**Data extracted from a collection:**
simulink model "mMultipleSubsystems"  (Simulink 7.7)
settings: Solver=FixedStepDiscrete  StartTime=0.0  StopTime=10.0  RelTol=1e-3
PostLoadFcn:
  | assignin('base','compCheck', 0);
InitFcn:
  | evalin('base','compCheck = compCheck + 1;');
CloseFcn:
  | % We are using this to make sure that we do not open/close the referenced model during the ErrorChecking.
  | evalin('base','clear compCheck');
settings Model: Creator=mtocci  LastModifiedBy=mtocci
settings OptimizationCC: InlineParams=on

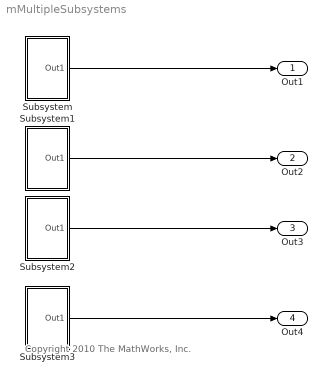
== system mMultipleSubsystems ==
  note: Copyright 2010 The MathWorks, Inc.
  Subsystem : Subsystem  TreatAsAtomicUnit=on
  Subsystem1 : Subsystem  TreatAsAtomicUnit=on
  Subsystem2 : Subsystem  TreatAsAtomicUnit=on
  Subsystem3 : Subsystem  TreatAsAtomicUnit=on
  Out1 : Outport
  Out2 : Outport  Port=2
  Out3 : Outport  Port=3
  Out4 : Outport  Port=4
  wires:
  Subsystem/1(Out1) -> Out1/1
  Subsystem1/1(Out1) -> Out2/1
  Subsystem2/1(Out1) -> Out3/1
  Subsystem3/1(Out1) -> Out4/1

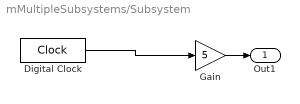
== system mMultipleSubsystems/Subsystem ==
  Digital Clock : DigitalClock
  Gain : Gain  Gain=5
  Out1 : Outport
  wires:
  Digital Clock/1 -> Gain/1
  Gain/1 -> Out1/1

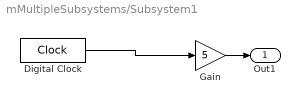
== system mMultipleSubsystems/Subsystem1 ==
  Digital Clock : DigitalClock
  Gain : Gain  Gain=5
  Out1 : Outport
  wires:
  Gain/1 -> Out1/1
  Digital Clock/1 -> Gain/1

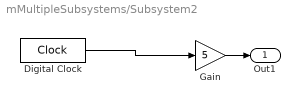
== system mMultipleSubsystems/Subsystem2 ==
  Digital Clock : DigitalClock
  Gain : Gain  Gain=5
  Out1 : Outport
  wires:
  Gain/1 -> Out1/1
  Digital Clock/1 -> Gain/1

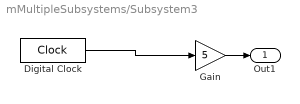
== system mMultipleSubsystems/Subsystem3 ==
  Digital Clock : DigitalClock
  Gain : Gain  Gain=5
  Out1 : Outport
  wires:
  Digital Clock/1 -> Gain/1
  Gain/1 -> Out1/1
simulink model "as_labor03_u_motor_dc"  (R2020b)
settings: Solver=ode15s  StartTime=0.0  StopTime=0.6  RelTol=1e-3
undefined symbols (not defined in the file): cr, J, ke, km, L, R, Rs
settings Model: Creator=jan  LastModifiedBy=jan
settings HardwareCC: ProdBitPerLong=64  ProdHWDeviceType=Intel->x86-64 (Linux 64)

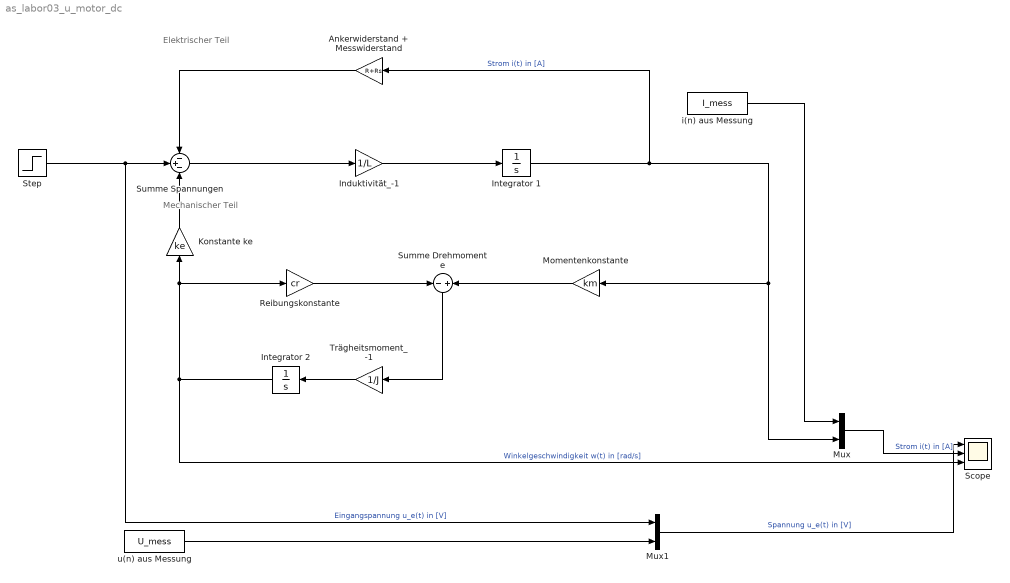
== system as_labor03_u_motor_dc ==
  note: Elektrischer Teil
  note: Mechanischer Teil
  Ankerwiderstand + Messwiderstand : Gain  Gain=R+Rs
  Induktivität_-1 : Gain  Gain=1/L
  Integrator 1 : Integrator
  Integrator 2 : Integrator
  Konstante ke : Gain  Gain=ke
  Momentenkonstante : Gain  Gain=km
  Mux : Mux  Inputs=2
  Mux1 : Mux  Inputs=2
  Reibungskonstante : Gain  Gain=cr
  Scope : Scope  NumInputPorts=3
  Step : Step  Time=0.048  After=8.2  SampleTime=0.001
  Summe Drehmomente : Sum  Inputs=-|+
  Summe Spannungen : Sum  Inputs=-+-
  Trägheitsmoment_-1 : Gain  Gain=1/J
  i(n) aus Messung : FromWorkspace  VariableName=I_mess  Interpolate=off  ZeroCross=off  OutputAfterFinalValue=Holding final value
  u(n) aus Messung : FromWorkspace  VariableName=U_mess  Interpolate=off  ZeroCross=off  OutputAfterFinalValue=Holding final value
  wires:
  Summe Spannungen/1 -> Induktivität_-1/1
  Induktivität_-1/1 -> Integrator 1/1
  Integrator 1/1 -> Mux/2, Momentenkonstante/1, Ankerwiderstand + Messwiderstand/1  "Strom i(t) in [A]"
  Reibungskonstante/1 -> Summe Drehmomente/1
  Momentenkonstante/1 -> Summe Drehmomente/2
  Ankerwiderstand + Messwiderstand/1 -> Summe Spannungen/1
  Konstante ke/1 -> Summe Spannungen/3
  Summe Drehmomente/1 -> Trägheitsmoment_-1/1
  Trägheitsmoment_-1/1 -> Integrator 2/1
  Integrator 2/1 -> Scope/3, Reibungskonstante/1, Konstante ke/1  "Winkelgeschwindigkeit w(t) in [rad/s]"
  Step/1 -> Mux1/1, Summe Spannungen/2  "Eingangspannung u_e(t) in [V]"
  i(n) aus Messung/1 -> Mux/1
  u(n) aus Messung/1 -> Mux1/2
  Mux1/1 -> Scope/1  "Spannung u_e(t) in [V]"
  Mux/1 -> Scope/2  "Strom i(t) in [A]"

**PROBLEM DETAILS:**
Please transcribe every entry above exactly, leaving out any pictures.

**ANSWER BOX:**
simulink model "mMultipleSubsystems"  (Simulink 7.7)
settings: Solver=FixedStepDiscrete  StartTime=0.0  StopTime=10.0  RelTol=1e-3
PostLoadFcn:
  | assignin('base','compCheck', 0);
InitFcn:
  | evalin('base','compCheck = compCheck + 1;');
CloseFcn:
  | % We are using this to make sure that we do not open/close the referenced model during the ErrorChecking.
  | evalin('base','clear compCheck');
settings Model: Creator=mtocci  LastModifiedBy=mtocci
settings OptimizationCC: InlineParams=on

== system mMultipleSubsystems ==
  note: Copyright 2010 The MathWorks, Inc.
  Subsystem : Subsystem  TreatAsAtomicUnit=on
  Subsystem1 : Subsystem  TreatAsAtomicUnit=on
  Subsystem2 : Subsystem  TreatAsAtomicUnit=on
  Subsystem3 : Subsystem  TreatAsAtomicUnit=on
  Out1 : Outport
  Out2 : Outport  Port=2
  Out3 : Outport  Port=3
  Out4 : Outport  Port=4
  wires:
  Subsystem/1(Out1) -> Out1/1
  Subsystem1/1(Out1) -> Out2/1
  Subsystem2/1(Out1) -> Out3/1
  Subsystem3/1(Out1) -> Out4/1

== system mMultipleSubsystems/Subsystem ==
  Digital Clock : DigitalClock
  Gain : Gain  Gain=5
  Out1 : Outport
  wires:
  Digital Clock/1 -> Gain/1
  Gain/1 -> Out1/1

== system mMultipleSubsystems/Subsystem1 ==
  Digital Clock : DigitalClock
  Gain : Gain  Gain=5
  Out1 : Outport
  wires:
  Gain/1 -> Out1/1
  Digital Clock/1 -> Gain/1

== system mMultipleSubsystems/Subsystem2 ==
  Digital Clock : DigitalClock
  Gain : Gain  Gain=5
  Out1 : Outport
  wires:
  Gain/1 -> Out1/1
  Digital Clock/1 -> Gain/1

== system mMultipleSubsystems/Subsystem3 ==
  Digital Clock : DigitalClock
  Gain : Gain  Gain=5
  Out1 : Outport
  wires:
  Digital Clock/1 -> Gain/1
  Gain/1 -> Out1/1
simulink model "as_labor03_u_motor_dc"  (R2020b)
settings: Solver=ode15s  StartTime=0.0  StopTime=0.6  RelTol=1e-3
undefined symbols (not defined in the file): cr, J, ke, km, L, R, Rs
settings Model: Creator=jan  LastModifiedBy=jan
settings HardwareCC: ProdBitPerLong=64  ProdHWDeviceType=Intel->x86-64 (Linux 64)

== system as_labor03_u_motor_dc ==
  note: Elektrischer Teil
  note: Mechanischer Teil
  Ankerwiderstand + Messwiderstand : Gain  Gain=R+Rs
  Induktivität_-1 : Gain  Gain=1/L
  Integrator 1 : Integrator
  Integrator 2 : Integrator
  Konstante ke : Gain  Gain=ke
  Momentenkonstante : Gain  Gain=km
  Mux : Mux  Inputs=2
  Mux1 : Mux  Inputs=2
  Reibungskonstante : Gain  Gain=cr
  Scope : Scope  NumInputPorts=3
  Step : Step  Time=0.048  After=8.2  SampleTime=0.001
  Summe Drehmomente : Sum  Inputs=-|+
  Summe Spannungen : Sum  Inputs=-+-
  Trägheitsmoment_-1 : Gain  Gain=1/J
  i(n) aus Messung : FromWorkspace  VariableName=I_mess  Interpolate=off  ZeroCross=off  OutputAfterFinalValue=Holding final value
  u(n) aus Messung : FromWorkspace  VariableName=U_mess  Interpolate=off  ZeroCross=off  OutputAfterFinalValue=Holding final value
  wires:
  Summe Spannungen/1 -> Induktivität_-1/1
  Induktivität_-1/1 -> Integrator 1/1
  Integrator 1/1 -> Mux/2, Momentenkonstante/1, Ankerwiderstand + Messwiderstand/1  "Strom i(t) in [A]"
  Reibungskonstante/1 -> Summe Drehmomente/1
  Momentenkonstante/1 -> Summe Drehmomente/2
  Ankerwiderstand + Messwiderstand/1 -> Summe Spannungen/1
  Konstante ke/1 -> Summe Spannungen/3
  Summe Drehmomente/1 -> Trägheitsmoment_-1/1
  Trägheitsmoment_-1/1 -> Integrator 2/1
  Integrator 2/1 -> Scope/3, Reibungskonstante/1, Konstante ke/1  "Winkelgeschwindigkeit w(t) in [rad/s]"
  Step/1 -> Mux1/1, Summe Spannungen/2  "Eingangspannung u_e(t) in [V]"
  i(n) aus Messung/1 -> Mux/1
  u(n) aus Messung/1 -> Mux1/2
  Mux1/1 -> Scope/1  "Spannung u_e(t) in [V]"
  Mux/1 -> Scope/2  "Strom i(t) in [A]"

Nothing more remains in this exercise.